=== WHAT YOU ARE ASKED TO DO ===
From the data that follows, print exactly the lines starting at the one containing "Bus Selector3/8 ->" and ending at the one containing "Gyroscope/1 -> Terminator9/1"; include both of them and nothing more.

(Source data)
Segment Open

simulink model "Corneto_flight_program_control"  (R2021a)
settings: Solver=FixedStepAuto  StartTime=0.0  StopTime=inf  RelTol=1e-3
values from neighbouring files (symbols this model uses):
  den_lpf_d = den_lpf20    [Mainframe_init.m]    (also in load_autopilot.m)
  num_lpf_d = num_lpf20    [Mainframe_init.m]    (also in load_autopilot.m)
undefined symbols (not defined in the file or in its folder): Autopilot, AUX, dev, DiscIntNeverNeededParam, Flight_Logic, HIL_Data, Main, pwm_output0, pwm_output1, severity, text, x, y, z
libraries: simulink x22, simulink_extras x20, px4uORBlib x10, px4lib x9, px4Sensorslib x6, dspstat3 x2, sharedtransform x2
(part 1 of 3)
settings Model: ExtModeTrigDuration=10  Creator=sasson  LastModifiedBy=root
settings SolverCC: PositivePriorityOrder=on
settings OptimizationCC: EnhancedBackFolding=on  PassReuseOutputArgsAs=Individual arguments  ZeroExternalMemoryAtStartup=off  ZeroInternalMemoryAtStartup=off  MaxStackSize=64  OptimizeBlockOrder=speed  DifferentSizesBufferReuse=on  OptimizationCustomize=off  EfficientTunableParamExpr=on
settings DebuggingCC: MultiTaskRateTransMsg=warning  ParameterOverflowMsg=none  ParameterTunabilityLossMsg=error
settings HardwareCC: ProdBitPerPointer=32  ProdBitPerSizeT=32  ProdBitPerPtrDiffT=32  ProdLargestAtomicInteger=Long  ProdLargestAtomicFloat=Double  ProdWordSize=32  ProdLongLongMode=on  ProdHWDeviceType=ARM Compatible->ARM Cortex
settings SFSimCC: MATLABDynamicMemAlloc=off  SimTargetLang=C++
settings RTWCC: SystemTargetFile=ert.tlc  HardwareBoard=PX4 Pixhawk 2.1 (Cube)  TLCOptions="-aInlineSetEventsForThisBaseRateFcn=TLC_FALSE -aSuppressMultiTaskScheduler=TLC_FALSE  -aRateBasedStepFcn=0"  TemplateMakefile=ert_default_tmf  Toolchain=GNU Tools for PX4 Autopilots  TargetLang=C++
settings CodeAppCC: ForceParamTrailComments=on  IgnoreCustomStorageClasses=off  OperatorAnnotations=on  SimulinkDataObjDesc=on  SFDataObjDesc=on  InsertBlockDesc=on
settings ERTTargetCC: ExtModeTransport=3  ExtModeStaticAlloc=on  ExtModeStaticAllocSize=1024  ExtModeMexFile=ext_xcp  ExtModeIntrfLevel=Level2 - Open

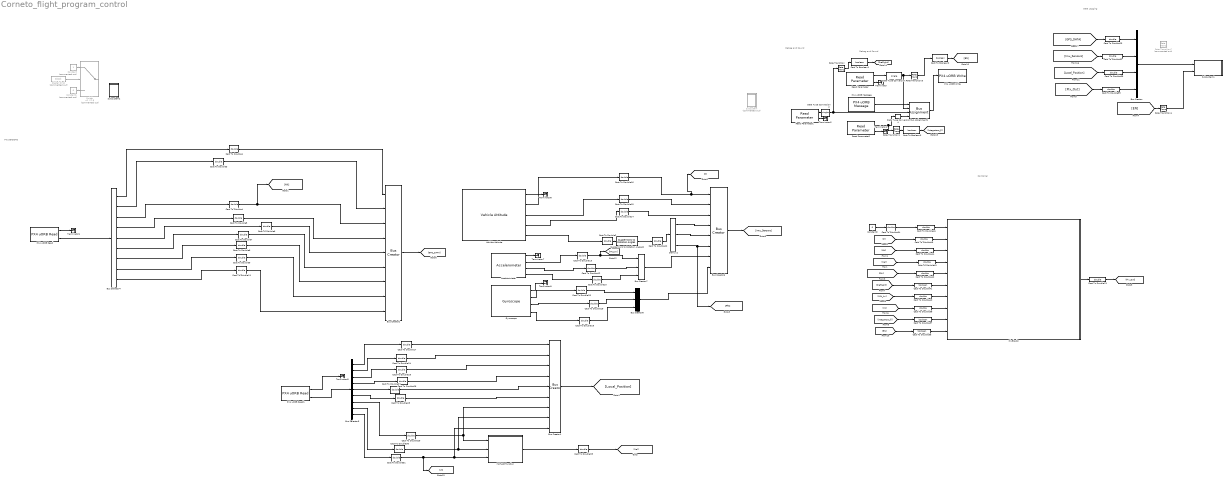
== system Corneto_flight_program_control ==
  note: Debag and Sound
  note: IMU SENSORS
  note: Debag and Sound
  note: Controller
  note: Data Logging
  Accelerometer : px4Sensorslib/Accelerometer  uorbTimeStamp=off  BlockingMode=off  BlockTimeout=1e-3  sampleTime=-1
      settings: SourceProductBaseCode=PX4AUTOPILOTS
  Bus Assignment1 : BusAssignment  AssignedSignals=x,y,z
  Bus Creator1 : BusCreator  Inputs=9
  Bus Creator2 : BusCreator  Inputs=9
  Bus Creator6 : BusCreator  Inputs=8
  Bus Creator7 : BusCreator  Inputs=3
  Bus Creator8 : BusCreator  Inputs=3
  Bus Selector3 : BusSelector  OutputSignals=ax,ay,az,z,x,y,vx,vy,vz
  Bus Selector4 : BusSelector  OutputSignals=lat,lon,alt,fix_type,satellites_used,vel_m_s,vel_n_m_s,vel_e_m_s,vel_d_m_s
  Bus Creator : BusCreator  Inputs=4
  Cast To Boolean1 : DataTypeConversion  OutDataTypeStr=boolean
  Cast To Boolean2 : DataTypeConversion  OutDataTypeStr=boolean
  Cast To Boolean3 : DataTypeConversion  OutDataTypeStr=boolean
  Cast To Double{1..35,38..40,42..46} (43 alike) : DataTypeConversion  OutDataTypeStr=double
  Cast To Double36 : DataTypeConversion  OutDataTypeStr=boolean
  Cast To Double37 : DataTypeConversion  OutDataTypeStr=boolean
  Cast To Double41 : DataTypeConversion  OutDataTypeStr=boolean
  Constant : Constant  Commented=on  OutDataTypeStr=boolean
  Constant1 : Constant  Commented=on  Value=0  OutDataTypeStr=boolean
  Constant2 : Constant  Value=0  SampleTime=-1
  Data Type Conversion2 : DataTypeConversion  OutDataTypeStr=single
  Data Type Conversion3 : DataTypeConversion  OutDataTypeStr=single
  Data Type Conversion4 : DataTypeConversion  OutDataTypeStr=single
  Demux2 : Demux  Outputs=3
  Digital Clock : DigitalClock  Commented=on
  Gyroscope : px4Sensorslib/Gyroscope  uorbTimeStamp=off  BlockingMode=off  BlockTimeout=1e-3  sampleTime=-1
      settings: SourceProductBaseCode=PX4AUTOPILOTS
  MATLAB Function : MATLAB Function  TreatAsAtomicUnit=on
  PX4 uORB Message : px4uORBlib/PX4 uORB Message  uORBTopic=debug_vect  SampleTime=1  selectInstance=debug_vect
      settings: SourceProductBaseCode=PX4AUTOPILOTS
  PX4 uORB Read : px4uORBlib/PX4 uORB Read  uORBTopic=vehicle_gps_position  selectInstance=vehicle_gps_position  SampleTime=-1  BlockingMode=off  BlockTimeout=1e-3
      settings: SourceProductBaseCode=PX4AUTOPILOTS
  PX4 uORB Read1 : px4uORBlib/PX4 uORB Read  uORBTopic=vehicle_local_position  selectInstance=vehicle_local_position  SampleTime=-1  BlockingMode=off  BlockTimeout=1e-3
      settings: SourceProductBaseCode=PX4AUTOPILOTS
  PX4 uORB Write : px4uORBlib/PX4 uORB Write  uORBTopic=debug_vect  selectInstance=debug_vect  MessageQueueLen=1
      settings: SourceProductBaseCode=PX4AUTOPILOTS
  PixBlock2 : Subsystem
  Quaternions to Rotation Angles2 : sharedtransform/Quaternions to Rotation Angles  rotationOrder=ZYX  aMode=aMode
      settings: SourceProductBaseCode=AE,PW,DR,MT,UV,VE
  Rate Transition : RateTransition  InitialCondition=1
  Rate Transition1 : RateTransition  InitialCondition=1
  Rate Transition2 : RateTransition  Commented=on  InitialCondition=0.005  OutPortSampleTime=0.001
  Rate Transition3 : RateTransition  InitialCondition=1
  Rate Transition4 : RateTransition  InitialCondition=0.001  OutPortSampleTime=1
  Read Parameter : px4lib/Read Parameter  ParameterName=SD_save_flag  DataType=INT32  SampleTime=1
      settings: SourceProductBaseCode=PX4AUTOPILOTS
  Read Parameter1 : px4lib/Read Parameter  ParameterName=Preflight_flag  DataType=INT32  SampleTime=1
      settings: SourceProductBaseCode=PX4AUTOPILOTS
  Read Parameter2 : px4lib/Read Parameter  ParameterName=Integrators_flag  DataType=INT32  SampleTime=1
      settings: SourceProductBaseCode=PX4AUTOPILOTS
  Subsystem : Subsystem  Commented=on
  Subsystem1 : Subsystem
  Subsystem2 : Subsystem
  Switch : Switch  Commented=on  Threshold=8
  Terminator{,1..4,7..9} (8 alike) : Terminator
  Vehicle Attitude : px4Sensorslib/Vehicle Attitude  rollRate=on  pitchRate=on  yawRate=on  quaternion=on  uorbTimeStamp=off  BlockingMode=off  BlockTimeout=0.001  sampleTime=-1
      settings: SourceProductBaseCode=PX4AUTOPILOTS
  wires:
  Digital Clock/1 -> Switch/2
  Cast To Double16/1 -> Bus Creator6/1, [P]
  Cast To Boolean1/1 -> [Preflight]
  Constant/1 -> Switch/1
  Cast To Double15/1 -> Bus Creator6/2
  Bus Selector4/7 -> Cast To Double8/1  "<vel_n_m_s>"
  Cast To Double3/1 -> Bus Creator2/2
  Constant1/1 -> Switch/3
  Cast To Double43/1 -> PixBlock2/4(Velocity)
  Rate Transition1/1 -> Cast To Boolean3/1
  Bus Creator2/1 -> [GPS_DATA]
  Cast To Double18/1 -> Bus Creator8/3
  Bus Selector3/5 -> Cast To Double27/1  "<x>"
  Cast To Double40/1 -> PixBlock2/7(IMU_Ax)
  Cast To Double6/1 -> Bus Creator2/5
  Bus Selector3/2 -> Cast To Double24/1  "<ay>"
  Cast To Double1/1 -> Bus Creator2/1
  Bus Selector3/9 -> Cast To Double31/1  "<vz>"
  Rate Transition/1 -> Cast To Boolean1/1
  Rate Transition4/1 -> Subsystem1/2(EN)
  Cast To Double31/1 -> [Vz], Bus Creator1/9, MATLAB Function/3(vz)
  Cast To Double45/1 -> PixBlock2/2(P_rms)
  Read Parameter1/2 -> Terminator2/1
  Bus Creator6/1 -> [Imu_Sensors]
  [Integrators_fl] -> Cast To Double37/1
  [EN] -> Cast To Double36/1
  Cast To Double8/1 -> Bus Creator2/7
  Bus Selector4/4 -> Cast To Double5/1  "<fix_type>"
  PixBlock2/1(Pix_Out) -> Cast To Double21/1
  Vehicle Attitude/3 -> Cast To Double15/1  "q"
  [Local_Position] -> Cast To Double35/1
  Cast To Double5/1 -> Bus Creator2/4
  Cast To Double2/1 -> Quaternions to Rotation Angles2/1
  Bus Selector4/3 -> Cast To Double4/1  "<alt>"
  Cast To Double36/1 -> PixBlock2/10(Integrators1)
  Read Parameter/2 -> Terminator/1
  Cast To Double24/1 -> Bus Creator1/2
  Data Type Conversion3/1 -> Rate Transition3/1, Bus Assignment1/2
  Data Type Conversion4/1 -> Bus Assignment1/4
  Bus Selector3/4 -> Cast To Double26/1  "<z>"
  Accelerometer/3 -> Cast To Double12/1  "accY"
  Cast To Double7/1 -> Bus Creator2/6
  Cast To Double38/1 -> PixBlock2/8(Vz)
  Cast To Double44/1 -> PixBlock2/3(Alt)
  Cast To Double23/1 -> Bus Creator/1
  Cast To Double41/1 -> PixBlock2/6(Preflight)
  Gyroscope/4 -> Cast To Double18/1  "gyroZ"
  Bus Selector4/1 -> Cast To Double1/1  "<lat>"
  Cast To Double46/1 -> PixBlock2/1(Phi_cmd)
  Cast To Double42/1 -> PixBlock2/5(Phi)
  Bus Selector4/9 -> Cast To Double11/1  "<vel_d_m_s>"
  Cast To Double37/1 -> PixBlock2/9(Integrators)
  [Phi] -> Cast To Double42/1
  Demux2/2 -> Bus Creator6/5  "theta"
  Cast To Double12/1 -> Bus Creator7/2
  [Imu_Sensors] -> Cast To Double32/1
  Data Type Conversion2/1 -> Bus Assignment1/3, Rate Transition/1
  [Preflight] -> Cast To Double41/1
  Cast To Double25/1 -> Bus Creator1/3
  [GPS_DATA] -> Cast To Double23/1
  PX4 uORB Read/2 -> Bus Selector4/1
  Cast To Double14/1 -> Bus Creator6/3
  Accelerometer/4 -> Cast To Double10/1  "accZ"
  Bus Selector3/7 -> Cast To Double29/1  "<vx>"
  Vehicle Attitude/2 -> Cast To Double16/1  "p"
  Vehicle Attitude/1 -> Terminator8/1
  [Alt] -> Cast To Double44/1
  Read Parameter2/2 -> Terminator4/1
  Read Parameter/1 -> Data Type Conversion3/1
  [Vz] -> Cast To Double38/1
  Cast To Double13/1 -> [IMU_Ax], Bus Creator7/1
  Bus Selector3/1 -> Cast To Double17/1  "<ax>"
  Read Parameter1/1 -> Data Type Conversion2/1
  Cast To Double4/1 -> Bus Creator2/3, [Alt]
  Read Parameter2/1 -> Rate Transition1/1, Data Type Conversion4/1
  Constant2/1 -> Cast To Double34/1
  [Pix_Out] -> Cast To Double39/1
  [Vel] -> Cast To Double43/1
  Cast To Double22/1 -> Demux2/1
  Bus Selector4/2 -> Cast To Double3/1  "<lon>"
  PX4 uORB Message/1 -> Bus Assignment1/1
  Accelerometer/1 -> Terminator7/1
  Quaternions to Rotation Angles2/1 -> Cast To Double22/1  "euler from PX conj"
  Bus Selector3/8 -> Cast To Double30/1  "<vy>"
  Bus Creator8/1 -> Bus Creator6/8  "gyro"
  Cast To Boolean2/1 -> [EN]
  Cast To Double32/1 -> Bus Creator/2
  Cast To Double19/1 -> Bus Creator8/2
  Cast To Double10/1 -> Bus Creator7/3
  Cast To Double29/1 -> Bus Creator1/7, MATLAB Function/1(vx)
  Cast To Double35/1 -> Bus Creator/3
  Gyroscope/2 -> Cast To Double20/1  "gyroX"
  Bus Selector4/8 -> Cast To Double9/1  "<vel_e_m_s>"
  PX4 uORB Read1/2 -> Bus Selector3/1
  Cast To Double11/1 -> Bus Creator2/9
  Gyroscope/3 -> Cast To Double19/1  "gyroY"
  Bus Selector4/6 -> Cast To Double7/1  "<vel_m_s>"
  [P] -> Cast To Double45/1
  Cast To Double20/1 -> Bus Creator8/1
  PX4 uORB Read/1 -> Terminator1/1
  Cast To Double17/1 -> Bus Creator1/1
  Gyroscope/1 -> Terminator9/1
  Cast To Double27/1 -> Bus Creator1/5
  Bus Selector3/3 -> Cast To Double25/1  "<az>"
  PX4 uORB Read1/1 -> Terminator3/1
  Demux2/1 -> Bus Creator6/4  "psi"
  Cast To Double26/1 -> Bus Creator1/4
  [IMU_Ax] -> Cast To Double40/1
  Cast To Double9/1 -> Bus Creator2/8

Segment Closed

=== RESULT OF THE EXERCISE ===
  Bus Selector3/8 -> Cast To Double30/1  "<vy>"
  Bus Creator8/1 -> Bus Creator6/8  "gyro"
  Cast To Boolean2/1 -> [EN]
  Cast To Double32/1 -> Bus Creator/2
  Cast To Double19/1 -> Bus Creator8/2
  Cast To Double10/1 -> Bus Creator7/3
  Cast To Double29/1 -> Bus Creator1/7, MATLAB Function/1(vx)
  Cast To Double35/1 -> Bus Creator/3
  Gyroscope/2 -> Cast To Double20/1  "gyroX"
  Bus Selector4/8 -> Cast To Double9/1  "<vel_e_m_s>"
  PX4 uORB Read1/2 -> Bus Selector3/1
  Cast To Double11/1 -> Bus Creator2/9
  Gyroscope/3 -> Cast To Double19/1  "gyroY"
  Bus Selector4/6 -> Cast To Double7/1  "<vel_m_s>"
  [P] -> Cast To Double45/1
  Cast To Double20/1 -> Bus Creator8/1
  PX4 uORB Read/1 -> Terminator1/1
  Cast To Double17/1 -> Bus Creator1/1
  Gyroscope/1 -> Terminator9/1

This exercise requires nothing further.